Nice work! one suggestion, why don't you "bold" the apk name, that way it will be more visible. Like I did for you in quote for ES File explorer Just a suggestion.
Good Luck!!


----------



## pauljohn696969 (Aug 26, 2011)

Great suggestion dark_angel.

Thanks.


----------



## rio2011 (Oct 15, 2011)

Nice. Once I have these downloaded how do I back them up? Cause your TP with CM7 alpha will fail. Call yourself luck if it doesn't. I download and installed a bunch of apps from Google Market, things worked fine for a while and then bam! CM7 is stuck at the boot animation or splash screen and I had to go into ClockworkMod and reset Cm7 back to factory/wipe data.


----------



## matthindle (Oct 19, 2011)

A combination of *aDownloader *(a BitTorrent client) and *Perfect Viewer* (a comic book reader) are keeping me very happy at the moment...


----------



## pauljohn696969 (Aug 26, 2011)

*To Rio2011*.... there's a couple of ways I backup:

Titanium Backup.... this is an app available in the market that will backup all your apps (both sysetm and user installed) and data to a directory on the SD card (partition). 
ClockWork.... when you boot the TouchPad, you can enter this program instead of booting to an OS. There's an option to backup which will backup your entire Android OS plus all apps & data.

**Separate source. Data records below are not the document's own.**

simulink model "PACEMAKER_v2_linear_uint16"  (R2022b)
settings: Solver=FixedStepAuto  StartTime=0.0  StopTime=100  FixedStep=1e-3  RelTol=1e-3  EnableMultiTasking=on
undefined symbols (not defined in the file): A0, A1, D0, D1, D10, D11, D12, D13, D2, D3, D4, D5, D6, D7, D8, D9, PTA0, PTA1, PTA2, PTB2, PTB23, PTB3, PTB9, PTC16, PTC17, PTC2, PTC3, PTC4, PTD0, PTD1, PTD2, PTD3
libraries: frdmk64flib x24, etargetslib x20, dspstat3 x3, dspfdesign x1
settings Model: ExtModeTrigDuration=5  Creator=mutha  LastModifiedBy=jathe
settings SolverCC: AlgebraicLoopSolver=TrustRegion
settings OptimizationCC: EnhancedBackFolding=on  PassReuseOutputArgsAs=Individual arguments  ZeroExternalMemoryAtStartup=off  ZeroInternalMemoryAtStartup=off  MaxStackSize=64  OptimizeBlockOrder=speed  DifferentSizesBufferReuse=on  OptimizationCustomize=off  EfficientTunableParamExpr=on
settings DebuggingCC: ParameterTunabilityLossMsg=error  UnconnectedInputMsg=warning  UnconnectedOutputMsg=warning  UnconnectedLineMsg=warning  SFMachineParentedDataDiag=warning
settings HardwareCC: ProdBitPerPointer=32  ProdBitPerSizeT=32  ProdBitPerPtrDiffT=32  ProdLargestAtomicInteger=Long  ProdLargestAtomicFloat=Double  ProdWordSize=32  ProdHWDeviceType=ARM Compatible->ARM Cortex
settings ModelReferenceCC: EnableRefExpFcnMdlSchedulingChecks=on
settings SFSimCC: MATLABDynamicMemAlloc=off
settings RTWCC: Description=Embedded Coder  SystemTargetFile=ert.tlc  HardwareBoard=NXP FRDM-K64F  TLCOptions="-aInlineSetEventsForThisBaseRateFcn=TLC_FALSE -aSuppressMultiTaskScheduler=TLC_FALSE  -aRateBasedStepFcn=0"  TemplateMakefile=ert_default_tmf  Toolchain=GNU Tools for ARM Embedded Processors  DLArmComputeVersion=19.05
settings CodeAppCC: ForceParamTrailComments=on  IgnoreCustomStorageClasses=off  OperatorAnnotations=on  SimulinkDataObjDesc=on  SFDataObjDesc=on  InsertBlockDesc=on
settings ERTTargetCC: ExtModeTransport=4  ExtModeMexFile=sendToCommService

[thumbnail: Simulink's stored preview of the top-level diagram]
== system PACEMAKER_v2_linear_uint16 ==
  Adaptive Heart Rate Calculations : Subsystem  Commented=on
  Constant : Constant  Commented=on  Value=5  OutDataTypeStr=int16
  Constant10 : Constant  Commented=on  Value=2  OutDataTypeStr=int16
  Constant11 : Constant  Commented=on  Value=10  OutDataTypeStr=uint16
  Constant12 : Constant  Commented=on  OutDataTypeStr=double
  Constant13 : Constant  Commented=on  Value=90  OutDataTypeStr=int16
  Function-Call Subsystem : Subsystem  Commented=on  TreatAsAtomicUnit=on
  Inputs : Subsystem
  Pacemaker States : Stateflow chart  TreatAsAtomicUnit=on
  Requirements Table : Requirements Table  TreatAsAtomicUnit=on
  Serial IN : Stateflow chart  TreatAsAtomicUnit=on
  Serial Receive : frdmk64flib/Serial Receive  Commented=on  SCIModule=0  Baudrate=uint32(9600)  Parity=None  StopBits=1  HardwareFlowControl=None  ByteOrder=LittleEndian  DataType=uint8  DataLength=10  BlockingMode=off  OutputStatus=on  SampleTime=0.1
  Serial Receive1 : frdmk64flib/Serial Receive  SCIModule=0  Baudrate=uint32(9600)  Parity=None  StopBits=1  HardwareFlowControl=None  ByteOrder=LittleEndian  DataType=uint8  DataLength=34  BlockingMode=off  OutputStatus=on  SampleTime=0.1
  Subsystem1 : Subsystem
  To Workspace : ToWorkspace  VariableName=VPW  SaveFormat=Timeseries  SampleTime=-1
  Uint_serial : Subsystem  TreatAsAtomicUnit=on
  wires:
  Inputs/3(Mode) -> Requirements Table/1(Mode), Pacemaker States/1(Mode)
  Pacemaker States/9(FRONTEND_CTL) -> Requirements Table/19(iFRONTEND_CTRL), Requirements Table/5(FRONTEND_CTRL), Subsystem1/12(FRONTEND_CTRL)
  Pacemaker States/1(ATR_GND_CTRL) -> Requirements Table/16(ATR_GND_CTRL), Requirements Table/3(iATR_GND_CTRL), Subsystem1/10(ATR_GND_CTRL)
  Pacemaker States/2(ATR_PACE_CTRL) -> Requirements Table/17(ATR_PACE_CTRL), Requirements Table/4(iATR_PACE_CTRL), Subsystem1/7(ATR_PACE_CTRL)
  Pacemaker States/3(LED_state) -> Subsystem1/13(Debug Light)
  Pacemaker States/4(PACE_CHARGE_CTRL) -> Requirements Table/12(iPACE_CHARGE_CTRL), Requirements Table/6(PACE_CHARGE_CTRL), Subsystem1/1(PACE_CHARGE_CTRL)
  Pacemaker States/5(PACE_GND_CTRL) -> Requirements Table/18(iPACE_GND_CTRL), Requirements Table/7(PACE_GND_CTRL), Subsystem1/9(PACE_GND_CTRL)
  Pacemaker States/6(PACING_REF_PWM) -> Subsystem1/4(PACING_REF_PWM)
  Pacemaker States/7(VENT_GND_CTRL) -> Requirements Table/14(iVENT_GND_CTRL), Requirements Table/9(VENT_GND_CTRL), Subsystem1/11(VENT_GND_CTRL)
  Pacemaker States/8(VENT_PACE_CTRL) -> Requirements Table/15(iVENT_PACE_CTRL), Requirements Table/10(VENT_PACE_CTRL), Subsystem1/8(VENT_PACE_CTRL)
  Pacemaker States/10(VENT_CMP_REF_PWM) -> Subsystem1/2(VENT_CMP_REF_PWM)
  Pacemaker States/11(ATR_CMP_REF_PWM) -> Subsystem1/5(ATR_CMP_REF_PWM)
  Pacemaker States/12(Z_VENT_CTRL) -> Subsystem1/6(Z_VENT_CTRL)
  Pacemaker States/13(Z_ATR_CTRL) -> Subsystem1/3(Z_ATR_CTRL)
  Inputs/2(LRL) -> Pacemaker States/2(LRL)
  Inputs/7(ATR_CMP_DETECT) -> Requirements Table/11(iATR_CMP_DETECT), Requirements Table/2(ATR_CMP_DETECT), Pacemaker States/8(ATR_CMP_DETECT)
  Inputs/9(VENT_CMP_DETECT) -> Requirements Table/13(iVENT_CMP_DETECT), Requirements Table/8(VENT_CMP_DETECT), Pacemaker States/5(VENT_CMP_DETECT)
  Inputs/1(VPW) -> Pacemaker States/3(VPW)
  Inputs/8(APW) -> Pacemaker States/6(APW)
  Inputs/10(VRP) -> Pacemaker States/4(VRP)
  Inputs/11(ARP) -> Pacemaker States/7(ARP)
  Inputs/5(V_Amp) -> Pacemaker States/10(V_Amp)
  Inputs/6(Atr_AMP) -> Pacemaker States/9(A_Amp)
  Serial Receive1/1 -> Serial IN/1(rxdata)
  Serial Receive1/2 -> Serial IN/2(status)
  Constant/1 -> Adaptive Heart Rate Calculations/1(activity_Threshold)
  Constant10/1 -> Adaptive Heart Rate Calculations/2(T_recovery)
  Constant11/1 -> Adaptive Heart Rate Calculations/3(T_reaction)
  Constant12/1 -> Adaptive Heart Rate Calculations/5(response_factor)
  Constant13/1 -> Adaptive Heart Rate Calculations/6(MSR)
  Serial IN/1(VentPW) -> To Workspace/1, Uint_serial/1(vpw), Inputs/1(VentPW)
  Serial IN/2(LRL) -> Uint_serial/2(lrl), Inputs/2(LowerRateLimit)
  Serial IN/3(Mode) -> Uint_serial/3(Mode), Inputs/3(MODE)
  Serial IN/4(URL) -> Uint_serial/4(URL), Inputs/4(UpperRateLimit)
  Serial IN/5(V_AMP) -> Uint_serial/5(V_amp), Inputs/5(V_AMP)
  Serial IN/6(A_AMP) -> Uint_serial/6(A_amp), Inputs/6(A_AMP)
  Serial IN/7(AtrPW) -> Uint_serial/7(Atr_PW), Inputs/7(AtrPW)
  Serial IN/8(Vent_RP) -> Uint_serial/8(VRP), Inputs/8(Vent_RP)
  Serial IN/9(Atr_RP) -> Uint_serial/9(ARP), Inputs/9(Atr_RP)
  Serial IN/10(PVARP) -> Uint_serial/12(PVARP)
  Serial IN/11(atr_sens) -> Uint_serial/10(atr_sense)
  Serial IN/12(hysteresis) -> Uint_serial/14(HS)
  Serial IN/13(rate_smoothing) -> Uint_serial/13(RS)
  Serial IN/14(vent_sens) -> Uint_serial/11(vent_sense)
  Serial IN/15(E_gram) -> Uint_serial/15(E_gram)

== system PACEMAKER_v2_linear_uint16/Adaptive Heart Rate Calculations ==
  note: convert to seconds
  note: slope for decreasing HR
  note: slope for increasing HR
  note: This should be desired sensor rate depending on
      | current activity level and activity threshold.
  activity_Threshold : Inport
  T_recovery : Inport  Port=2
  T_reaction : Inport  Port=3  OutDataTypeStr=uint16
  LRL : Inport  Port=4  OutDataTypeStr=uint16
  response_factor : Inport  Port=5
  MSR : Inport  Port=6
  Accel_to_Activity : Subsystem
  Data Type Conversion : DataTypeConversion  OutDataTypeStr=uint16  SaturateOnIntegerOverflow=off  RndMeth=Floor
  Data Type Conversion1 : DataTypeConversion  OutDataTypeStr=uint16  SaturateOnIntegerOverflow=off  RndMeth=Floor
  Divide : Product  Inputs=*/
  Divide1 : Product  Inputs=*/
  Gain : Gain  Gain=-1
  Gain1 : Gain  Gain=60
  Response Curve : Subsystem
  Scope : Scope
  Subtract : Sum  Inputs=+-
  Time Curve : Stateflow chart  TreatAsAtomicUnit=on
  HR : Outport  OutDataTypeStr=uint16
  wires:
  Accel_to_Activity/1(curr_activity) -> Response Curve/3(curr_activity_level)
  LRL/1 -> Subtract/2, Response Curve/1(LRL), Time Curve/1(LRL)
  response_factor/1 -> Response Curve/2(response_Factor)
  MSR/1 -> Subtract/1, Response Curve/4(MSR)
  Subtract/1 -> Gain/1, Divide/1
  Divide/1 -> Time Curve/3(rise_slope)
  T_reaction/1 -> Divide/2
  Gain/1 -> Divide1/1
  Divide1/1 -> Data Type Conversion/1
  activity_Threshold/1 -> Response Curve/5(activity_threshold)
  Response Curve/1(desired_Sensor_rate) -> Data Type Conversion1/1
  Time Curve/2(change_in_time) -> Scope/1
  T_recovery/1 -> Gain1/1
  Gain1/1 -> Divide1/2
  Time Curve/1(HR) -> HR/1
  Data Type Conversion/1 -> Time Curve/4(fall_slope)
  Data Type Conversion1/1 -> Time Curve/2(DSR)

Sorry to hear your having problems. I was until I uninstalled Android and used WebOS Doctor to restore my unit, than reinstalled from scratch. All my problems have ceased.


----------



## dspcap (Oct 13, 2011)

Kaiten email is really nice on the Touchpad, has a nice pane for viewing emails. It's from one of the leading dev's of k-9
ES File Explorer is very nice, you can create shortcuts to SD folders on your homescreen.
If you use the touchstone, I like Dock No-Op 
If you use a bluetooth, download Null Keyboard so you don't have the android keyboard showing up.


----------



## Promet (Oct 21, 2011)

I've installed the MediaTomb Media Server on my Linux box, and can now view my entire video library, streaming to my touchpad, with the Market app "Upnplay". The setup is a little complex and time consuming but worth it!


----------



## junoty (Oct 20, 2011)

Promet said:


> I've installed the MediaTomb Media Server on my Linux box, and can now view my entire video library, streaming to my touchpad, with the Market app "Upnplay". The setup is a little complex and time consuming but worth it!


Is their an app that will play videos off of a network share directly? I mean for example I can use ES file browser to browse to music and stream it directly without copying it to my touchpad. On the otherhand if I want to play a movie it says I need to copy it to the internal drive of the Touchpad.

Is their an app that I can open the video files with off a network share that will play it, without me needing to run a streaming app on my computer that hosts that network share?


----------



## autobulb (Oct 25, 2011)

junoty said:


> Is their an app that will play videos off of a network share directly?


I have been doing this with BSPlayer lite to play back 720p episodes of Adventure Time over the network. Runs at 20fps with no hiccups at stock frequency.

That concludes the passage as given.